[Given data]:
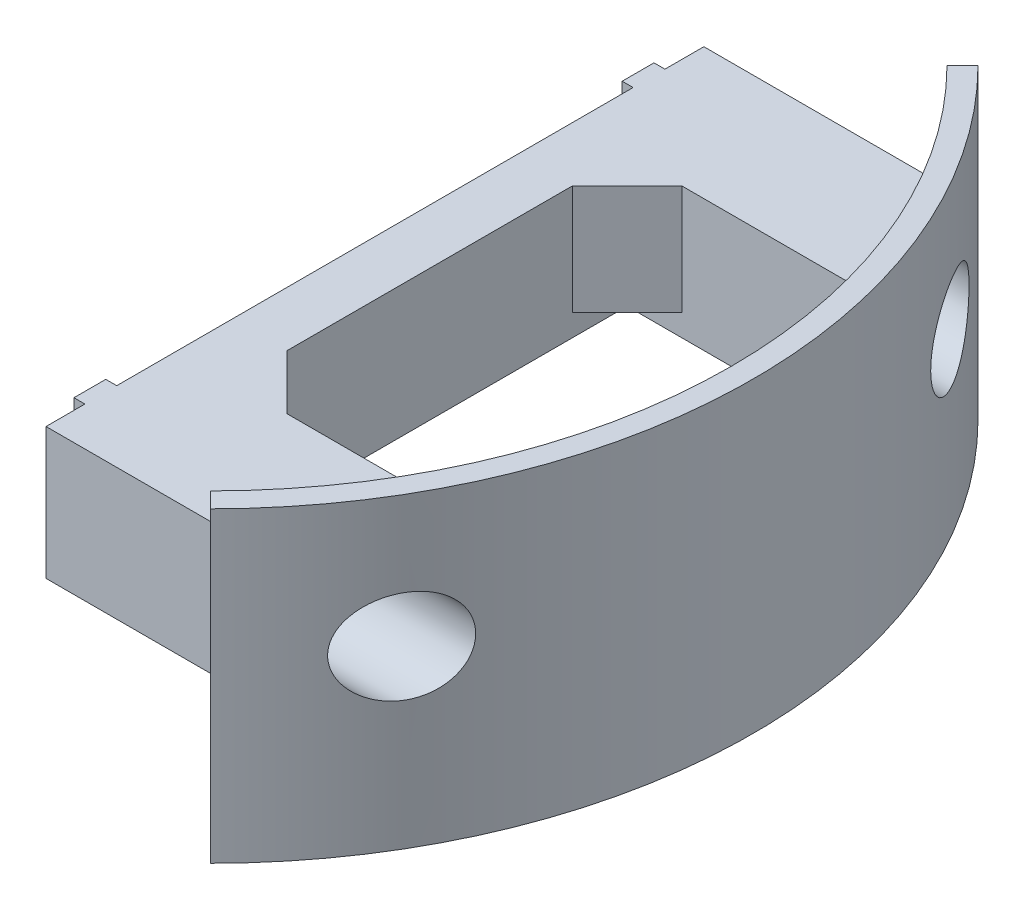
SolidWorks part; units mm, degrees
ref_plane "Front Plane" through (0, 0, 0) normal (0, 0, 1) x (1, 0, 0)
ref_plane "Top Plane" through (0, 0, 0) normal (0, 1, 0) x (1, 0, 0)
ref_plane "Right Plane" through (0, 0, 0) normal (1, 0, 0) x (0, 0, -1)
ref_axis "Axis1" through (0, -0.2847, 0) along (0, 1, 0)
ref_plane "SupportPlain" through (0, 10, 0) normal (0, 1, 0) x (1, 0, 0)
sketch "Sketch1" plane through (0, 0, 0) normal (0, 0, 1) x (1, 0, 0)
  line L0 (49.5, 0) -> (49.5, 40)
  line L5 (49.5, 40) -> (47.5, 40)
  line L6 (47.5, 40) -> (47.5, 0)
  line L7 (47.5, 0) -> (49.5, 0)
  point P9 (48.5, 0)
  dimension "D1" = 40
  dimension "D2" = 2
  dimension "D3" = 49.5
revolve "Main" add sketch "Sketch1" angle 90 mid plane about axis through (0, -0.2847, 0) along (0, 1, 0)
sketch "Sketch2" plane through (0, 10, 0) normal (0, -1, 0) x (-1, 0, 0)
  line L0 (-43.9574, -18) -> (-20, -18)
  line L1 (-36.8273, -30) -> (-15, -30)
  line L2 (-33.5876, -33.5876) -> (-33.5876, 33.5876) construction
  line L9 (-43.9574, 18) -> (-20, 18)
  line L10 (-15, -30) -> (-15, 30)
  line L11 (-15, 30) -> (-36.8273, 30)
  line L13 (-20, 18) -> (-20, -18)
  arc A0 (-43.9574, 18) -> (-36.8273, 30) centre (0, 0) cw
  circle A1 centre (0, 0) radius 50 construction
  arc A2 (-36.8273, -30) -> (-43.9574, -18) centre (0, 0) cw
  circle A3 centre (0, 0) radius 47.5 construction
  point P4 (0, 0)
  point P7 (0, 0)
  point P26 (-15, 0)
  dimension "D7" = 12
  dimension "D4" = 100
  dimension "D1" = 12
  dimension "D2" = 15
  dimension "D3" = 5
  dimension "D5" = 60
extrude "Support" add sketch "Sketch2" against normal blind 12
sketch "Sketch6" plane through (0, 10, 0) normal (0, 1, 0) x (1, 0, 0)
  line L0 (15, -30) -> (15, 30) construction
  line L1 (14, -23.55) -> (15, -23.55)
  line L2 (14, -23.55) -> (14, -26.45)
  line L3 (14, -26.45) -> (15, -26.45)
  line L4 (15, -23.55) -> (15, -26.45)
  line L6 (14, 26.45) -> (15, 26.45)
  line L7 (14, 26.45) -> (14, 23.55)
  line L8 (14, 23.55) -> (15, 23.55)
  line L9 (15, 26.45) -> (15, 23.55)
  line L11 (15, -30) -> (15, 30) construction
  point P10 (15, -30)
  point P13 (15, 30)
  dimension "D1" = 3.55
  dimension "D2" = 2.9
  dimension "D3" = 1
  dimension "D4" = 3.55
extrude "Fix" add sketch "Sketch6" along normal up to surface (12 mm away) up to face at (29.057, 22, 0)
sketch "Sketch9" plane through (20, 0, 0) normal (1, 0, 0) x (0, 0, -1)
  line L1 (30, 22) -> (30, 10) construction
  line L2 (-30, 22) -> (-30, 10) construction
  line L3 (30, 22) -> (30, 10) construction
  line L4 (-30, 42) -> (30, 42)
  line L5 (-30, 42) -> (-30, 34)
  line L6 (-30, 34) -> (30, 34)
  line L7 (30, 42) -> (30, 34)
  line L8 (-30, 22) -> (-30, 10) construction
  line L9 (-23.55, 10) -> (23.55, 10) construction
  circle A0 centre (25, 16) radius 1.6
  circle A1 centre (-25, 16) radius 1.6
  point P4 (30, 16)
  point P5 (0, 0)
  dimension "D1" = 3.2
  dimension "D2" = 3.2
  dimension "D4" = 5
  dimension "D5" = 5
  dimension "D6" = 8
  dimension "D7" = 24
extrude "Holes" cut sketch "Sketch9" against normal through all
sketch "Sketch10" plane through (20, 0, 0) normal (1, 0, 0) x (0, 0, -1)
  circle A0 centre (25, 16) radius 4.25
  circle A1 centre (-25, 16) radius 4.25
  arc A2 (23.55, 15.3236) -> (26.45, 15.3236) centre (25, 16) ccw construction
  arc A3 (-26.45, 15.3236) -> (-23.55, 15.3236) centre (-25, 16) ccw construction
  dimension "D1" = 8.5
extrude "BigHoles" cut sketch "Sketch10" along normal through all
sketch "Sketch11" plane through (0, 22, 0) normal (0, 1, 0) x (1, 0, 0)
  line L0 (20, 18) -> (25, 18)
  line L2 (25, 18) -> (20, 13)
  line L3 (20, 18) -> (20, -18) construction
  line L4 (20, 13) -> (20, 18)
  line L5 (20, -18) -> (20, -13)
  line L6 (20, -13) -> (25, -18)
  line L7 (20, -18) -> (43.9574, -18) construction
  line L8 (25, -18) -> (20, -18)
  line L9 (41.1113, 18) -> (46.1113, 18)
  line L10 (46.1113, 18) -> (46.1113, 13)
  line L11 (46.1113, 13) -> (41.1113, 18)
  line L12 (41.1113, -18) -> (46.1113, -18)
  line L13 (46.1113, -18) -> (46.1113, -11.4018)
  line L14 (46.1113, -11.4018) -> (41.1113, -18)
  line L15 (43.9574, 18) -> (20, 18) construction
  arc A0 (35.0018, -35.0018) -> (35.0018, 35.0018) centre (0, 0) ccw construction
  arc A1 (33.5876, -33.5876) -> (33.5876, 33.5876) centre (0, 0) ccw construction
  point P3 (20, 18)
  point P4 (45.2797, 17.657)
  point P22 (0, 0)
  point P27 (20, 20)
  point P28 (40.2797, 18)
  dimension "D1" = 5
  dimension "D2" = 5
  dimension "D3" = 5
extrude "Reinforcement" add sketch "Sketch11" against normal blind 10
sketch "Sketch12" plane through (15, 0, 0) normal (-1, 0, 0) x (0, 0, 1)
  line L1 (-35.0018, 28) -> (35.0018, 28)
  line L2 (-35.0018, 28) -> (-35.0018, 40)
  line L3 (-35.0018, 40) -> (35.0018, 40)
  line L4 (35.0018, 28) -> (35.0018, 40)
  line L6 (23.55, 22) -> (-23.55, 22) construction
  line L7 (35.0018, 40) -> (-35.0018, 40) construction
  line L8 (-35.0018, 0) -> (-35.0018, 40) construction
  line L9 (35.0018, 0) -> (35.0018, 40) construction
  point P8 (-30, 29.4148)
  dimension "D1" = 6
  dimension "D2" = 12
  dimension "D3" = 0
extrude "SensorWindow" cut sketch "Sketch12" against normal through all

[Task brief]: Before you return the listing exactly, strip out its pictures.

[Solution to this task]:
SolidWorks part; units mm, degrees
ref_plane "Front Plane" through (0, 0, 0) normal (0, 0, 1) x (1, 0, 0)
ref_plane "Top Plane" through (0, 0, 0) normal (0, 1, 0) x (1, 0, 0)
ref_plane "Right Plane" through (0, 0, 0) normal (1, 0, 0) x (0, 0, -1)
ref_axis "Axis1" through (0, -0.2847, 0) along (0, 1, 0)
ref_plane "SupportPlain" through (0, 10, 0) normal (0, 1, 0) x (1, 0, 0)
sketch "Sketch1" plane through (0, 0, 0) normal (0, 0, 1) x (1, 0, 0)
  line L0 (49.5, 0) -> (49.5, 40)
  line L5 (49.5, 40) -> (47.5, 40)
  line L6 (47.5, 40) -> (47.5, 0)
  line L7 (47.5, 0) -> (49.5, 0)
  point P9 (48.5, 0)
  dimension "D1" = 40
  dimension "D2" = 2
  dimension "D3" = 49.5
revolve "Main" add sketch "Sketch1" angle 90 mid plane about axis through (0, -0.2847, 0) along (0, 1, 0)
sketch "Sketch2" plane through (0, 10, 0) normal (0, -1, 0) x (-1, 0, 0)
  line L0 (-43.9574, -18) -> (-20, -18)
  line L1 (-36.8273, -30) -> (-15, -30)
  line L2 (-33.5876, -33.5876) -> (-33.5876, 33.5876) construction
  line L9 (-43.9574, 18) -> (-20, 18)
  line L10 (-15, -30) -> (-15, 30)
  line L11 (-15, 30) -> (-36.8273, 30)
  line L13 (-20, 18) -> (-20, -18)
  arc A0 (-43.9574, 18) -> (-36.8273, 30) centre (0, 0) cw
  circle A1 centre (0, 0) radius 50 construction
  arc A2 (-36.8273, -30) -> (-43.9574, -18) centre (0, 0) cw
  circle A3 centre (0, 0) radius 47.5 construction
  point P4 (0, 0)
  point P7 (0, 0)
  point P26 (-15, 0)
  dimension "D7" = 12
  dimension "D4" = 100
  dimension "D1" = 12
  dimension "D2" = 15
  dimension "D3" = 5
  dimension "D5" = 60
extrude "Support" add sketch "Sketch2" against normal blind 12
sketch "Sketch6" plane through (0, 10, 0) normal (0, 1, 0) x (1, 0, 0)
  line L0 (15, -30) -> (15, 30) construction
  line L1 (14, -23.55) -> (15, -23.55)
  line L2 (14, -23.55) -> (14, -26.45)
  line L3 (14, -26.45) -> (15, -26.45)
  line L4 (15, -23.55) -> (15, -26.45)
  line L6 (14, 26.45) -> (15, 26.45)
  line L7 (14, 26.45) -> (14, 23.55)
  line L8 (14, 23.55) -> (15, 23.55)
  line L9 (15, 26.45) -> (15, 23.55)
  line L11 (15, -30) -> (15, 30) construction
  point P10 (15, -30)
  point P13 (15, 30)
  dimension "D1" = 3.55
  dimension "D2" = 2.9
  dimension "D3" = 1
  dimension "D4" = 3.55
extrude "Fix" add sketch "Sketch6" along normal up to surface (12 mm away) up to face at (29.057, 22, 0)
sketch "Sketch9" plane through (20, 0, 0) normal (1, 0, 0) x (0, 0, -1)
  line L1 (30, 22) -> (30, 10) construction
  line L2 (-30, 22) -> (-30, 10) construction
  line L3 (30, 22) -> (30, 10) construction
  line L4 (-30, 42) -> (30, 42)
  line L5 (-30, 42) -> (-30, 34)
  line L6 (-30, 34) -> (30, 34)
  line L7 (30, 42) -> (30, 34)
  line L8 (-30, 22) -> (-30, 10) construction
  line L9 (-23.55, 10) -> (23.55, 10) construction
  circle A0 centre (25, 16) radius 1.6
  circle A1 centre (-25, 16) radius 1.6
  point P4 (30, 16)
  point P5 (0, 0)
  dimension "D1" = 3.2
  dimension "D2" = 3.2
  dimension "D4" = 5
  dimension "D5" = 5
  dimension "D6" = 8
  dimension "D7" = 24
extrude "Holes" cut sketch "Sketch9" against normal through all
sketch "Sketch10" plane through (20, 0, 0) normal (1, 0, 0) x (0, 0, -1)
  circle A0 centre (25, 16) radius 4.25
  circle A1 centre (-25, 16) radius 4.25
  arc A2 (23.55, 15.3236) -> (26.45, 15.3236) centre (25, 16) ccw construction
  arc A3 (-26.45, 15.3236) -> (-23.55, 15.3236) centre (-25, 16) ccw construction
  dimension "D1" = 8.5
extrude "BigHoles" cut sketch "Sketch10" along normal through all
sketch "Sketch11" plane through (0, 22, 0) normal (0, 1, 0) x (1, 0, 0)
  line L0 (20, 18) -> (25, 18)
  line L2 (25, 18) -> (20, 13)
  line L3 (20, 18) -> (20, -18) construction
  line L4 (20, 13) -> (20, 18)
  line L5 (20, -18) -> (20, -13)
  line L6 (20, -13) -> (25, -18)
  line L7 (20, -18) -> (43.9574, -18) construction
  line L8 (25, -18) -> (20, -18)
  line L9 (41.1113, 18) -> (46.1113, 18)
  line L10 (46.1113, 18) -> (46.1113, 13)
  line L11 (46.1113, 13) -> (41.1113, 18)
  line L12 (41.1113, -18) -> (46.1113, -18)
  line L13 (46.1113, -18) -> (46.1113, -11.4018)
  line L14 (46.1113, -11.4018) -> (41.1113, -18)
  line L15 (43.9574, 18) -> (20, 18) construction
  arc A0 (35.0018, -35.0018) -> (35.0018, 35.0018) centre (0, 0) ccw construction
  arc A1 (33.5876, -33.5876) -> (33.5876, 33.5876) centre (0, 0) ccw construction
  point P3 (20, 18)
  point P4 (45.2797, 17.657)
  point P22 (0, 0)
  point P27 (20, 20)
  point P28 (40.2797, 18)
  dimension "D1" = 5
  dimension "D2" = 5
  dimension "D3" = 5
extrude "Reinforcement" add sketch "Sketch11" against normal blind 10
sketch "Sketch12" plane through (15, 0, 0) normal (-1, 0, 0) x (0, 0, 1)
  line L1 (-35.0018, 28) -> (35.0018, 28)
  line L2 (-35.0018, 28) -> (-35.0018, 40)
  line L3 (-35.0018, 40) -> (35.0018, 40)
  line L4 (35.0018, 28) -> (35.0018, 40)
  line L6 (23.55, 22) -> (-23.55, 22) construction
  line L7 (35.0018, 40) -> (-35.0018, 40) construction
  line L8 (-35.0018, 0) -> (-35.0018, 40) construction
  line L9 (35.0018, 0) -> (35.0018, 40) construction
  point P8 (-30, 29.4148)
  dimension "D1" = 6
  dimension "D2" = 12
  dimension "D3" = 0
extrude "SensorWindow" cut sketch "Sketch12" against normal through all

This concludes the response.